Wir informieren Sie nachfolgend kompakt, was unter einer Durchsuchung zu verstehen ist, wann eine Durchsuchung der Wohn- und Geschäftsräume oder einer Person angeordnet werden darf und wie Sie im Notfall richtig reagieren.
Die Durchsuchung und die Beschlagnahme sind strafprozessuale Zwangsmaßnahmen, das heißt, staatliche Eingriffe in die Rechte von Personen, um Beweise zu sichern oder Tatverdächtige zu finden. Eine Durchsuchung nach § 102 StPO kann angeordnet werden bei Personen, die als Täter oder Teilnehmer einer Straftat oder der Datenhehlerei, Begünstigung, Strafvereitelung oder Hehlerei verdächtig sind. Es können dabei die Wohnung und andere Räume sowie die Person selbst als auch ihr gehörende Sachen durchsucht werden. Zulässige Zwecke einer Durchsuchung sind einerseits
Ebenfalls kann nach § 103 StPO eine Durchsuchung auch bei anderen Personen durchgeführt werden, die zwar nicht einer Straftat verdächtig sind, aber eine hohe Wahrscheinlichkeit besteht, dass in den zu durchsuchenden Räumen bestimmte Beweismittel gefunden werden können oder die verdächtige Person aufgegriffen werden kann (Beispiel: Durchsuchung in einem Unternehmen, wenn der Arbeitnehmer einer Straftat verdächtig ist).

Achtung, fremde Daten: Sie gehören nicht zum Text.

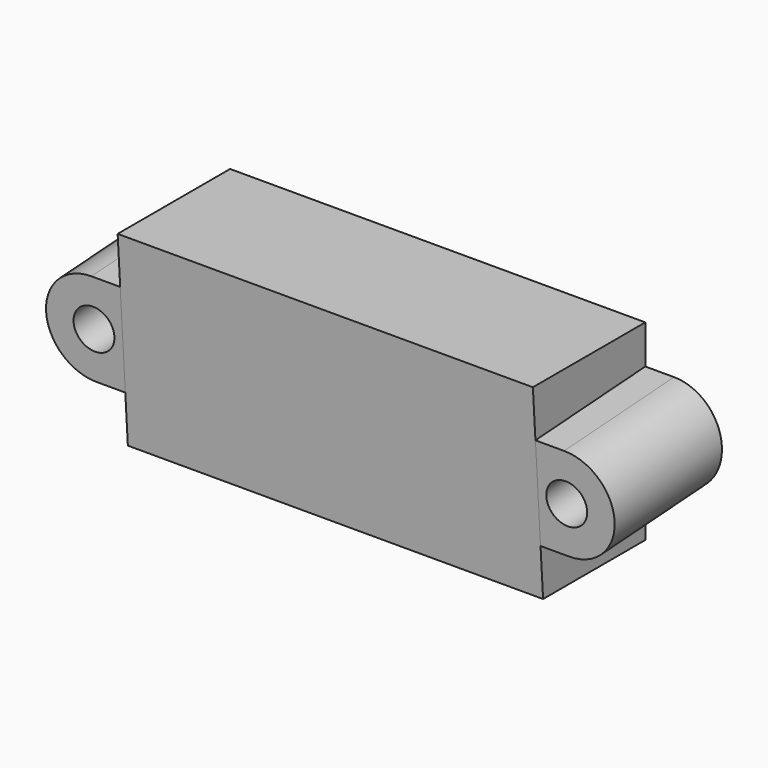
from build123d import *

# Parameters (mm, degrees)
F1_DEPTH = 16.25
F2_R     = 1.6
F3_REACH = 20.5813230926


with BuildPart() as f1:
    # F0 (on Right) → F1 (new body, symmetric)
    with BuildSketch(Plane.YZ):
        Polygon((-10, 0), (0, 0), (0, 15), (-11, 15), align=None)
    extrude(amount=F1_DEPTH, both=True)

    f3_end = Plane(origin=(0, 0, 7.5), x_dir=(0, 0, 1), z_dir=(0, 1, 0))
    # F2 (on face) → F3 (join, up to a plane its end follows)
    with BuildSketch(Plane(origin=(0, -9.9557522124, -0.6637168142), x_dir=(1, 0, 0), z_dir=(0, -0.9977851579, -0.0665190105))):
        with BuildLine():
            Line((-18.5, 4.4318382944), (-16.25, 4.4318382944))
            Line((-16.25, 4.4318382944), (-16.25, 11.9318382944))
            Line((-16.25, 11.9318382944), (-18.5, 11.9318382944))
            ThreePointArc((-18.5, 11.9318382944), (-22.25, 8.1818382944), (-18.5, 4.4318382944))
        make_face()
        with Locations((-18.5, 8.1818382944)):
            Circle(F2_R, mode=Mode.SUBTRACT)
        with BuildLine():
            Line((16.25, 4.4318382944), (18.5, 4.4318382944))
            ThreePointArc((18.5, 4.4318382944), (22.25, 8.1818382944), (18.5, 11.9318382944))
            Line((18.5, 11.9318382944), (16.25, 11.9318382944))
            Line((16.25, 11.9318382944), (16.25, 4.4318382944))
        make_face()
        with Locations((18.5, 8.1818382944)):
            Circle(F2_R, mode=Mode.SUBTRACT)
    f3_long = extrude(amount=-F3_REACH, mode=Mode.PRIVATE)
    add(split(f3_long, bisect_by=f3_end, keep=Keep.BOTTOM, mode=Mode.PRIVATE))


solid = f1.part
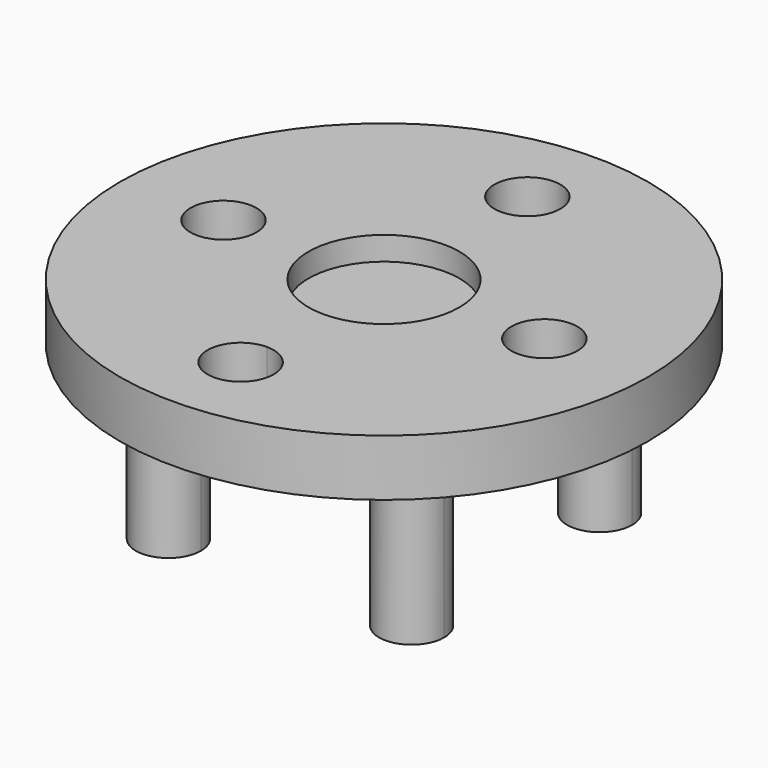
from build123d import *

# Parameters (mm, degrees)
F0_R     = 14
F1_DEPTH = 3
F2_R     = 4
F3_DEPTH = 1.25
F5_DEPTH = 11.5
F6_DEPTH = 25.4
F4_R     = 1.75
F7_DEPTH = 25.4


# Not quite as in the source:
# - a feature names something its author has since deleted; it is built from what else it names


with BuildPart() as f1:
    # F0 (on Top) → F1 (new body)
    with BuildSketch(Plane.XY):
        with Locations((-41.5364727378, -7.5015998445)):
            Circle(F0_R)
    extrude(amount=F1_DEPTH)

    # F2 (on face) → F3 (cut)
    with BuildSketch(Plane.XY.offset(3)):
        with Locations((-41.5364727378, -7.5015998445)):
            Circle(F2_R)
    extrude(amount=-F3_DEPTH, mode=Mode.SUBTRACT)

    # F4 (on face) → F5 (join)
    with BuildSketch(Plane.XY.offset(3)):
        with BuildLine():
            ThreePointArc((-46.2922708097, -1.256661386), (-49.6170112359, -0.6113276981), (-46.7751178459, -2.4536079239))
            ThreePointArc((-46.7751178459, -2.4536079239), (-46.4175303835, -1.9019950739), (-46.2922708097, -1.256661386))
        make_face()
        with BuildLine():
            ThreePointArc((-33.3423393435, -13.758620951), (-34.4205133346, -12.1594833352), (-36.3072565774, -12.5593585722))
            ThreePointArc((-36.3072565774, -12.5593585722), (-35.7141653523, -15.3577585668), (-33.3423393435, -13.758620951))
        make_face()
        with BuildLine():
            ThreePointArc((-46.0564111963, -13.9823979165), (-46.193904066, -13.3075304398), (-46.5844646585, -12.7402449527))
            ThreePointArc((-46.5844646585, -12.7402449527), (-49.3689183267, -14.6572653931), (-46.0564111963, -13.9823979165))
        make_face()
        with BuildLine():
            ThreePointArc((-33.5665342792, -1.0208017726), (-35.9664017559, 0.5667053577), (-36.4884808171, -2.2629547364))
            ThreePointArc((-36.4884808171, -2.2629547364), (-34.6166668026, -2.608308903), (-33.5665342792, -1.0208017726))
        make_face()
    extrude(amount=-F5_DEPTH)

    # F4 (on face) → F6 (cut)
    with BuildSketch(Plane.XY.offset(3)):
        with BuildLine():
            ThreePointArc((-39.7864727378, 1.9984001555), (-42.7739096049, 3.2358370225), (-41.5364727378, 0.2484001555))
            ThreePointArc((-41.5364727378, 0.2484001555), (-40.2990358707, 0.7609632884), (-39.7864727378, 1.9984001555))
        make_face()
        with BuildLine():
            ThreePointArc((-31.2864727378, -7.5015998445), (-33.0364727378, -5.7515998445), (-34.7864727378, -7.5015998445))
            ThreePointArc((-34.7864727378, -7.5015998445), (-33.0364727378, -9.2515998445), (-31.2864727378, -7.5015998445))
        make_face()
        with BuildLine():
            ThreePointArc((-39.7864727378, -17.0011998445), (-40.2990358707, -15.7637629775), (-41.5364727378, -15.2511998445))
            ThreePointArc((-41.5364727378, -15.2511998445), (-42.7739096049, -18.2386367116), (-39.7864727378, -17.0011998445))
        make_face()
    extrude(amount=-F6_DEPTH, mode=Mode.SUBTRACT)

    # F4 (on face) → F7 (cut)
    with BuildSketch(Plane.XY.offset(3)):
        with Locations((-50.0454727378, -7.5015998445)):
            Circle(F4_R)
    extrude(amount=-F7_DEPTH, mode=Mode.SUBTRACT)


solid = f1.part

In der Praxis steht die Durchsuchung als Ermittlungsmaßnahme häufig im Fokus, da sie oftmals mit einer Unterwanderung des Grundrechts auf Unverletzlichkeit der Wohnung, einer Aushöhlung des Richtervorbehalts durch die missbräuchliche Annahme von Gefahr im Verzug sowie mit unzureichend begründeten Durchsuchungsbeschlüssen einhergeht. Die Einbindung eines verlässlichen Strafverteidigers / Fachanwalts für Strafrecht ist daher unerlässlich. Die Aufgabe des Rechtsbeistands besteht darin, dem von der Durchsuchung betroffenen Mandanten Verhaltenshinweise zu geben und ihn zu beruhigen. Gleichzeitig überwacht dieser die Durchführung der Durchsuchungsmaßnahmen und achtet auf ihre Rechtmäßigkeit.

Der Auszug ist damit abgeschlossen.